Old Dead River said:


> and just when you thought the homo sapiens killed out the neanderthals  there's no class in this forum, never has been, never will be. It's always been an inflammatory place, and sometime one has to become inflammatory just to tread water herein.
> 
> some of these kids are young and spoiled, they don't have good manners. remember there's also a couple of bama posers on here that weren't old enough to remember the 1992 national championship or the tailspin the program went into after Stallings got in trouble and left. You'd figure these johnny come lately fanboys would've at least read about it on wikipedia. After Saban retires that could happen again, maybe not via sanctions but more into wilderness effect.
> 
> ...



It is a sports talk forum ODR.....You cant take the smack talk as being anything personal but, sometimes we bring things on ourselves that we could otherwise avoid.And then you got swinehog!!!
And no Arkansas is not as good as Georgia....Georgia beat them  45-32 at there house.Did you forget?
I guess your feeling pretty good seeing how the Hogs thumped Ole Miss?


----------



## Old Dead River (Nov 26, 2014)

fish hawk said:


> It is a sports talk forum ODR.....You cant take the smack talk as being anything personal but, sometimes we bring things on ourselves that we could otherwise avoid.And then you got swinehog!!!
> And no Arkansas is not as good as Georgia....Georgia beat them  45-32 at there house.Did you forget?
> I guess your feeling pretty good seeing how the Hogs thumped Ole Miss?



the arkansas team that uga beat is not the same team that shutout LSU and Ole Miss. teams change.

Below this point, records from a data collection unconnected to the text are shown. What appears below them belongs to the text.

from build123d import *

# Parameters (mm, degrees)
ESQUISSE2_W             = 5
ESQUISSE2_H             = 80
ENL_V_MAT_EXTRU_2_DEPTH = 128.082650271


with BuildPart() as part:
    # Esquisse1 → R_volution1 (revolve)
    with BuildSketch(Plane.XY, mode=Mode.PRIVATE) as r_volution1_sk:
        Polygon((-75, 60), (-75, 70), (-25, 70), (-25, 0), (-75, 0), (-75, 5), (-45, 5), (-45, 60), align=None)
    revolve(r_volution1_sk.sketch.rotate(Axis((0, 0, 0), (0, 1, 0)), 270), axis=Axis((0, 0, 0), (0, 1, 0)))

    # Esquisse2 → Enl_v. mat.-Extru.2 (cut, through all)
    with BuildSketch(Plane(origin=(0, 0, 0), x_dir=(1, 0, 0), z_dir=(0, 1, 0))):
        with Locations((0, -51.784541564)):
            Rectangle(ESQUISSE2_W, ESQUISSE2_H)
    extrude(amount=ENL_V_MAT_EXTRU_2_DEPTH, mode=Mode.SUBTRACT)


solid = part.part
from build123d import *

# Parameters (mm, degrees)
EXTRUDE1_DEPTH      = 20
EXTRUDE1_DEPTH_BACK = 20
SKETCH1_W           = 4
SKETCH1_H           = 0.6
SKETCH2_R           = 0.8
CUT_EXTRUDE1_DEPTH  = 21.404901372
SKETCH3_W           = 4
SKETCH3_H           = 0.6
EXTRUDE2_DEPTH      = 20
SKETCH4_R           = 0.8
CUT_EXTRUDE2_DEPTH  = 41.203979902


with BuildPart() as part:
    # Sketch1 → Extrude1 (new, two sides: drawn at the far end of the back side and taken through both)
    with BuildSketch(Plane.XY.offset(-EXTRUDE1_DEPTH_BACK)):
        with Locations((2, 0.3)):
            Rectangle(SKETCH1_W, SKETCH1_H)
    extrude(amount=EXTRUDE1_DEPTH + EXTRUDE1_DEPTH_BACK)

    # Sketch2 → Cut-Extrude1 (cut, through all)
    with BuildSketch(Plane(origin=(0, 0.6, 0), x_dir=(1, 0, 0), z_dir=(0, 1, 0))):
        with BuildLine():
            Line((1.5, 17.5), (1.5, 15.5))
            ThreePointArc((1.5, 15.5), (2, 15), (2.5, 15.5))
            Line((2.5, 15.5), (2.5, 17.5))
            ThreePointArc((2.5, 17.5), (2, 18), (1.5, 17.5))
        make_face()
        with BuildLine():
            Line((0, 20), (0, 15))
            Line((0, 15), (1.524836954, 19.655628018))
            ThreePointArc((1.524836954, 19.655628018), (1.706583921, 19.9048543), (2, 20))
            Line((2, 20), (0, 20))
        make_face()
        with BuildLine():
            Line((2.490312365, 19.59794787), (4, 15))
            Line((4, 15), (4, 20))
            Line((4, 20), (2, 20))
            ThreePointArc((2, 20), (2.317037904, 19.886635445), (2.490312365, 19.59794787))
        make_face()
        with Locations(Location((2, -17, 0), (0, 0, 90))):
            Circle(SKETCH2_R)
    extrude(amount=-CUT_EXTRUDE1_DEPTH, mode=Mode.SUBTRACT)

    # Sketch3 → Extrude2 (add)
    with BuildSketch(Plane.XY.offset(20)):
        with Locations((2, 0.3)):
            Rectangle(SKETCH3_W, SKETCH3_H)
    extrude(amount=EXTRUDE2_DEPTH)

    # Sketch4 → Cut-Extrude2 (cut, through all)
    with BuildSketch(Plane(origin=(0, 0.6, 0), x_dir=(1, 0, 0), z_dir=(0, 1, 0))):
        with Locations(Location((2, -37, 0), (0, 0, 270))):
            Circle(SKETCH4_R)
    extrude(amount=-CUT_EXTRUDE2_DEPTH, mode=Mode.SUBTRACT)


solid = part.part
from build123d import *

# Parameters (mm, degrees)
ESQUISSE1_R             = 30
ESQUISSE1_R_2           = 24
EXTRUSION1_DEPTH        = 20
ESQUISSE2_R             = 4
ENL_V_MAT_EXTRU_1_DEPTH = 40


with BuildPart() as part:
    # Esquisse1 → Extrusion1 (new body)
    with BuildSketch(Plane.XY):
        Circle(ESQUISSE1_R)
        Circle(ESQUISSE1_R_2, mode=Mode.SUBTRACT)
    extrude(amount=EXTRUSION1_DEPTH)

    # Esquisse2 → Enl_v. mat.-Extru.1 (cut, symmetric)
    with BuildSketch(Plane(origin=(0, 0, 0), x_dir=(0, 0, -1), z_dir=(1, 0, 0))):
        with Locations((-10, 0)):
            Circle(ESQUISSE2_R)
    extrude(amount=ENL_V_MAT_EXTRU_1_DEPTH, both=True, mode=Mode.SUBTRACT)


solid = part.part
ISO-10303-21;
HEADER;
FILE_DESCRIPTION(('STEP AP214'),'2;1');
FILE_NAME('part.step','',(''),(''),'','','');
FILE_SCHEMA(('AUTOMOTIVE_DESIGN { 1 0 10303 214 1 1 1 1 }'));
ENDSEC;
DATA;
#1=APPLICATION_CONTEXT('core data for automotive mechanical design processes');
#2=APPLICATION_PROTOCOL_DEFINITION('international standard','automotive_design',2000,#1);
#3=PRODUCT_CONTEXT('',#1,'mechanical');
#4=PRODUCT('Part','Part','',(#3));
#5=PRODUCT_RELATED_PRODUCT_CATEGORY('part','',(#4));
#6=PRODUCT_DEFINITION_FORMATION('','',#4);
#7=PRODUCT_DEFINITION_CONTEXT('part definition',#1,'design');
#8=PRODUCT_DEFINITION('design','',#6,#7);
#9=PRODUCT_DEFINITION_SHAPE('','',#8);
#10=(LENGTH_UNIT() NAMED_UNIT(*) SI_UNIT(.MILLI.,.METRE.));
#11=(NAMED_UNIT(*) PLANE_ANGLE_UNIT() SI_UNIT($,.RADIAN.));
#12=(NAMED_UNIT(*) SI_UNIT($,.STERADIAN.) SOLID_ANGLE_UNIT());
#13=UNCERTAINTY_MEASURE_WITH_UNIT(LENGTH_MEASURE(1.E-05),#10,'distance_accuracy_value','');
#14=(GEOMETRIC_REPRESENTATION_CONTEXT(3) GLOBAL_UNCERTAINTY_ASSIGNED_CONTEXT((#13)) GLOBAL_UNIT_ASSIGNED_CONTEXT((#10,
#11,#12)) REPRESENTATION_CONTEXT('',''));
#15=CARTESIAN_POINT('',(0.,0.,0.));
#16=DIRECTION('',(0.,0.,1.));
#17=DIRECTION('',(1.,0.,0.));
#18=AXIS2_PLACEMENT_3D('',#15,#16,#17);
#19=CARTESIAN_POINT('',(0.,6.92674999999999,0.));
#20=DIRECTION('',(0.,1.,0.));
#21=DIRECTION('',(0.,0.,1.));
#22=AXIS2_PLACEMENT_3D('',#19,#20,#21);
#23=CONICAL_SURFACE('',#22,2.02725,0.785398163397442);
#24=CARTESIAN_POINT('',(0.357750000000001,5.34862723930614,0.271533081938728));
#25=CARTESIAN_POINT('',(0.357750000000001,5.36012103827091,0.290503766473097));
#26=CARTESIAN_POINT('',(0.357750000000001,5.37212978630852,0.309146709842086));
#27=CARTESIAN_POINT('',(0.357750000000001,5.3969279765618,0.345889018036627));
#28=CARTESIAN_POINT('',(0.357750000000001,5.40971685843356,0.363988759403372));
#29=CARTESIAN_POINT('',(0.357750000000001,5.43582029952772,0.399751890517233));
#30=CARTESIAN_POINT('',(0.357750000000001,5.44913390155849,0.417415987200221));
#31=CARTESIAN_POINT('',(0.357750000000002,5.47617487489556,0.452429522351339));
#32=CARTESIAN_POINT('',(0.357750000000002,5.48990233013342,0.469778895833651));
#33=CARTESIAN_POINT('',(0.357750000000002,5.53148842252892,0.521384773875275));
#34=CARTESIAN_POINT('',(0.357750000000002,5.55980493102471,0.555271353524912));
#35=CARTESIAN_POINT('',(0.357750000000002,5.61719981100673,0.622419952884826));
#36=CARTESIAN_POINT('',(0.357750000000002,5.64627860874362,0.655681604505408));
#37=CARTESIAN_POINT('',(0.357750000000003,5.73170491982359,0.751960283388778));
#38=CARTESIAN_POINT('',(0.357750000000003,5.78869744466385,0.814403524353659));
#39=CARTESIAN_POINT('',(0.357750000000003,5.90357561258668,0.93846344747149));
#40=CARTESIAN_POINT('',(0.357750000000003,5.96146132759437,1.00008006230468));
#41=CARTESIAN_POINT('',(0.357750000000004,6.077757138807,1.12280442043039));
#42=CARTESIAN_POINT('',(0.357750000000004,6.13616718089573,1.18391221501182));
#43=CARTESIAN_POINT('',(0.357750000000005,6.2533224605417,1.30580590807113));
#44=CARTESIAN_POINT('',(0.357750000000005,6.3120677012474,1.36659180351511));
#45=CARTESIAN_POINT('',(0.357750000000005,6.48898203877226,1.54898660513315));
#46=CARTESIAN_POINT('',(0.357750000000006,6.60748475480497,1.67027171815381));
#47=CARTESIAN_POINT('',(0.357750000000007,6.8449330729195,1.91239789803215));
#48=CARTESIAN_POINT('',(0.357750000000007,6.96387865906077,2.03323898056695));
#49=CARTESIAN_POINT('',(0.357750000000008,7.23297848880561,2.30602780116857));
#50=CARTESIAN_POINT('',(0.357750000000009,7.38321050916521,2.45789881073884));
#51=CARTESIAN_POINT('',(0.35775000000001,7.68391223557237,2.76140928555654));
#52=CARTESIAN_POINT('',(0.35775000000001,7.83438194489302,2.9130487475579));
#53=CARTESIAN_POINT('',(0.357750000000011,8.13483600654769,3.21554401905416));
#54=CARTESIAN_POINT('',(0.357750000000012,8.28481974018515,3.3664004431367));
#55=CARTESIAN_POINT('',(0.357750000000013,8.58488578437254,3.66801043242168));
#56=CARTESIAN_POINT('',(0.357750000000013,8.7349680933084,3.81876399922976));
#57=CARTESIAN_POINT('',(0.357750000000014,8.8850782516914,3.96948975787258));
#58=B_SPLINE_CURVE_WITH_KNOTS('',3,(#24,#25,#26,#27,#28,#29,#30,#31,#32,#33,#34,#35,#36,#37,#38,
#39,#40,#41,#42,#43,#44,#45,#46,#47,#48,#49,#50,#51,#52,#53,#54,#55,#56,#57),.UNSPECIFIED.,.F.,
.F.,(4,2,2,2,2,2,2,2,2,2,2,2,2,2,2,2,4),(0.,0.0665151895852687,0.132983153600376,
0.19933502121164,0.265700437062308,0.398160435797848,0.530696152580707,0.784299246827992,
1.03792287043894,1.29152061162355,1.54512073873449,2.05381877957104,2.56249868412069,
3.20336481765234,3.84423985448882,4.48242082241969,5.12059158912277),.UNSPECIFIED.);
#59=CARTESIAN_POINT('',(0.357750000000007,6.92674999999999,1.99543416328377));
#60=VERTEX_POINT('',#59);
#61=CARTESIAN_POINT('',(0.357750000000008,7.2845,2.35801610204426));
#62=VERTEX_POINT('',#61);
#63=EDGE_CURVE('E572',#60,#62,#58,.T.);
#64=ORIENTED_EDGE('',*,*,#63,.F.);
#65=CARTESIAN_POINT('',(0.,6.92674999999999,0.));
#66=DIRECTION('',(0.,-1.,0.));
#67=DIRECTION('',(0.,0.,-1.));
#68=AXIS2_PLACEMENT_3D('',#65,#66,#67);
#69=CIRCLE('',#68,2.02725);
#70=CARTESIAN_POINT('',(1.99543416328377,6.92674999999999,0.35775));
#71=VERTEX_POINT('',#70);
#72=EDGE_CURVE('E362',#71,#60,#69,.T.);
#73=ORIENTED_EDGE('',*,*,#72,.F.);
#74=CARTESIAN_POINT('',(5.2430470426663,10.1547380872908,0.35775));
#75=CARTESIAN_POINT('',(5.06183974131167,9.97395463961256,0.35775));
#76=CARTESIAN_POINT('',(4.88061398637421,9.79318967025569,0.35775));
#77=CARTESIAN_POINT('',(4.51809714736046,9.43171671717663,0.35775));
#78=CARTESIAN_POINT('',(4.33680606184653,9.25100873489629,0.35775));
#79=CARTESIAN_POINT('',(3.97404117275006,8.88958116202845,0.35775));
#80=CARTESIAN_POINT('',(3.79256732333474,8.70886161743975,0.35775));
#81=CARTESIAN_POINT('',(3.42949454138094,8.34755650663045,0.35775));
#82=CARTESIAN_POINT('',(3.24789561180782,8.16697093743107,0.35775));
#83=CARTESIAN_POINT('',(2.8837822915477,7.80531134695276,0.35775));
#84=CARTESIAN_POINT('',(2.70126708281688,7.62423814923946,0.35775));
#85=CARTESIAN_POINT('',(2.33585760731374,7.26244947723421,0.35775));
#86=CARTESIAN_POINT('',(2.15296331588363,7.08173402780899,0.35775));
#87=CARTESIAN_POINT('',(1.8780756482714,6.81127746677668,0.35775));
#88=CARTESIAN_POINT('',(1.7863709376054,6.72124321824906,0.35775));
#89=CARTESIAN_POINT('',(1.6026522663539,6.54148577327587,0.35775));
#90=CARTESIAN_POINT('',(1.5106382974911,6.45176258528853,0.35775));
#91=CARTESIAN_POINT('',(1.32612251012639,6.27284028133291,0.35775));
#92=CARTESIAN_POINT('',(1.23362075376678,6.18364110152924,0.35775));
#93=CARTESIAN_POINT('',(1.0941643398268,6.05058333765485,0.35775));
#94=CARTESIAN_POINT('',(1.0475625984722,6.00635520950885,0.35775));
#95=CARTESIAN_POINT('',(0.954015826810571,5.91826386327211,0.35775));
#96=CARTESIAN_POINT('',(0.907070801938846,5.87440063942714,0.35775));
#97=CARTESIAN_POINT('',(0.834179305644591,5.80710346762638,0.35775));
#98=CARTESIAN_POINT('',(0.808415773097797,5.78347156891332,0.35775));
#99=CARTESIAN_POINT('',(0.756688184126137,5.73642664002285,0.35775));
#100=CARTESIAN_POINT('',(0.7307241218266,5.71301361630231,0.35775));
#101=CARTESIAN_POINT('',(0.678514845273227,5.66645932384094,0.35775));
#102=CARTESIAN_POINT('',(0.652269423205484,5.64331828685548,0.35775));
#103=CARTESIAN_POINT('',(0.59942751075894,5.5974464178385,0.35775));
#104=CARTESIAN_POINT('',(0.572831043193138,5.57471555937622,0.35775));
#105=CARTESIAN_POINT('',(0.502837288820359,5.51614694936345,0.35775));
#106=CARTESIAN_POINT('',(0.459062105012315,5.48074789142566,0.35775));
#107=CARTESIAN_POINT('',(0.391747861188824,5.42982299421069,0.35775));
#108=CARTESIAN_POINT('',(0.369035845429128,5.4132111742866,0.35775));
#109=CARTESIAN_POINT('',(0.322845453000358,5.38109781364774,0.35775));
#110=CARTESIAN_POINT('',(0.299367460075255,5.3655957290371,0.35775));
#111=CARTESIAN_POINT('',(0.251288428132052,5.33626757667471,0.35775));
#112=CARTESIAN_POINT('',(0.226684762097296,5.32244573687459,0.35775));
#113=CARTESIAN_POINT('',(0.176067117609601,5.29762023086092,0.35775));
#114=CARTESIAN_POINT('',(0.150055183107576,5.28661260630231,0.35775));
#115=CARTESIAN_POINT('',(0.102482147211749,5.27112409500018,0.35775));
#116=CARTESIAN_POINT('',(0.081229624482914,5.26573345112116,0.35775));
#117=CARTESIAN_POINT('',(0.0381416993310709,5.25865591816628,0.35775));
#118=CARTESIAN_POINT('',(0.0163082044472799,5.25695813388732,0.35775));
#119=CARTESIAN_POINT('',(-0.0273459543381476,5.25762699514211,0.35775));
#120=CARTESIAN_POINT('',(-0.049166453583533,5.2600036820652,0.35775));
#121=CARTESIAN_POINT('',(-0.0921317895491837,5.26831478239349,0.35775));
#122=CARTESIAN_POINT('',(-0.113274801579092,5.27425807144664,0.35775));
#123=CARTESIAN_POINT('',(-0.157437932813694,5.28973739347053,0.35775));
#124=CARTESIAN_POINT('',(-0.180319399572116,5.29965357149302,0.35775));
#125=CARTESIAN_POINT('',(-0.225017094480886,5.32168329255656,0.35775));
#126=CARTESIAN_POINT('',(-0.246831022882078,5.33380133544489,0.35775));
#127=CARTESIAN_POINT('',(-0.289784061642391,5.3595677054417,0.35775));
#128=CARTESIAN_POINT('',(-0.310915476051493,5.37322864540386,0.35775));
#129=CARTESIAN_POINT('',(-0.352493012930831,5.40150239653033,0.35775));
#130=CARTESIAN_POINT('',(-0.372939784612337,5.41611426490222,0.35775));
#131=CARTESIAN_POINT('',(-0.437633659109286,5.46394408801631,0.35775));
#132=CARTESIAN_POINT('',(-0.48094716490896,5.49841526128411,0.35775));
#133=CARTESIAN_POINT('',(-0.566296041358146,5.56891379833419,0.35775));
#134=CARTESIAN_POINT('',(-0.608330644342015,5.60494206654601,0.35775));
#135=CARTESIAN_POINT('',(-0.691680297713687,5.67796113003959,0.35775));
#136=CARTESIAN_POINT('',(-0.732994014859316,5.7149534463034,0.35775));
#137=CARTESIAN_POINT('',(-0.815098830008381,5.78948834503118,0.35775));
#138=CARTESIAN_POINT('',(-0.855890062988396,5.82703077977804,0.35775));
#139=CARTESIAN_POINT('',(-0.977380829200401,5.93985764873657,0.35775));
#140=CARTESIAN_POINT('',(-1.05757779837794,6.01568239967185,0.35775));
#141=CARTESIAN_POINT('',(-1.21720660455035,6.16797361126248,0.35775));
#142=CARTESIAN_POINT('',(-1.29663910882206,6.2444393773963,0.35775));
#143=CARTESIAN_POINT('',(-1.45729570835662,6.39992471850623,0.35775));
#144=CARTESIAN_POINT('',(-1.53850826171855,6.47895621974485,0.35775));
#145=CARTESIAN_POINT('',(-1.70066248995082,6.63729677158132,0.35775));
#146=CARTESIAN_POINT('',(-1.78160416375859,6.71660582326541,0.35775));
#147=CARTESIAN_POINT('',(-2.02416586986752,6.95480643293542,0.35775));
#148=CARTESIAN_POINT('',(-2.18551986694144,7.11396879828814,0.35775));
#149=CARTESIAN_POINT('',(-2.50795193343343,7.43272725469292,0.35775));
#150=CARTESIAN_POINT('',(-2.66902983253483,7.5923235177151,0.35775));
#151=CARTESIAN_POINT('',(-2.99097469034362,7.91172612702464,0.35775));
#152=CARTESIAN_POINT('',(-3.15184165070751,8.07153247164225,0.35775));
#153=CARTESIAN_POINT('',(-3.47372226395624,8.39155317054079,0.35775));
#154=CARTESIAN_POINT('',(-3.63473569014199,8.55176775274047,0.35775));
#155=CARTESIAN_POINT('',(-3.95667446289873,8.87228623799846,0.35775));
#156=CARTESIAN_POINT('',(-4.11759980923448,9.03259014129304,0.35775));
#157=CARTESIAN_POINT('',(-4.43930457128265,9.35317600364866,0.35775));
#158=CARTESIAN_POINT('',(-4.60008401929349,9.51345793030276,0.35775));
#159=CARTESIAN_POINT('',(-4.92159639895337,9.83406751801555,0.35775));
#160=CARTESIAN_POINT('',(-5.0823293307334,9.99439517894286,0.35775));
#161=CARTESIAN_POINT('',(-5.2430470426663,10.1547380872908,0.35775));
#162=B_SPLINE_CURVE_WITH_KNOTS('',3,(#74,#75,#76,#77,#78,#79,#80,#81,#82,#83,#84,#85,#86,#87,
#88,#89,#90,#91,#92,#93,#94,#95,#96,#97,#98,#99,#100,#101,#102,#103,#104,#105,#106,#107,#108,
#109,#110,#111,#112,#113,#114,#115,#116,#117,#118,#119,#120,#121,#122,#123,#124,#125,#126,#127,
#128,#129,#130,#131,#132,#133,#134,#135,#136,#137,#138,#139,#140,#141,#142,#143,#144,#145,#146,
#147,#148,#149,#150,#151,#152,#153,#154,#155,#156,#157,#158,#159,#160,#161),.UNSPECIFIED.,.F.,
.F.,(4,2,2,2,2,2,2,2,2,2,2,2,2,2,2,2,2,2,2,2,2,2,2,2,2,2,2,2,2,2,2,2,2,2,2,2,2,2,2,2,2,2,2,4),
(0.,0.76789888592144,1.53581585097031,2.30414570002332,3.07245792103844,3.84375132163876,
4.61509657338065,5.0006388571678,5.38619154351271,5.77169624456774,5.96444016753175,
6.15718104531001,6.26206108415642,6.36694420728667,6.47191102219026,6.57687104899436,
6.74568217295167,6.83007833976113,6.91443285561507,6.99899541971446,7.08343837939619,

Ark is executing at a very high level. I agree with Coach Bielema. Right now if you put Arkansas in a room with any team in the country they can hold their on. It's no coincidence that they played Bama so tough, they played State so tough, and shut these other teams out. They played poorly in the UGA game,

Fishhawk, surely you are wise enough to recognize that teams change throughout the course of the season. You could make the same argument that the uga team that shutout Mizzou isn't the same one that caved in to Florida. No comparison.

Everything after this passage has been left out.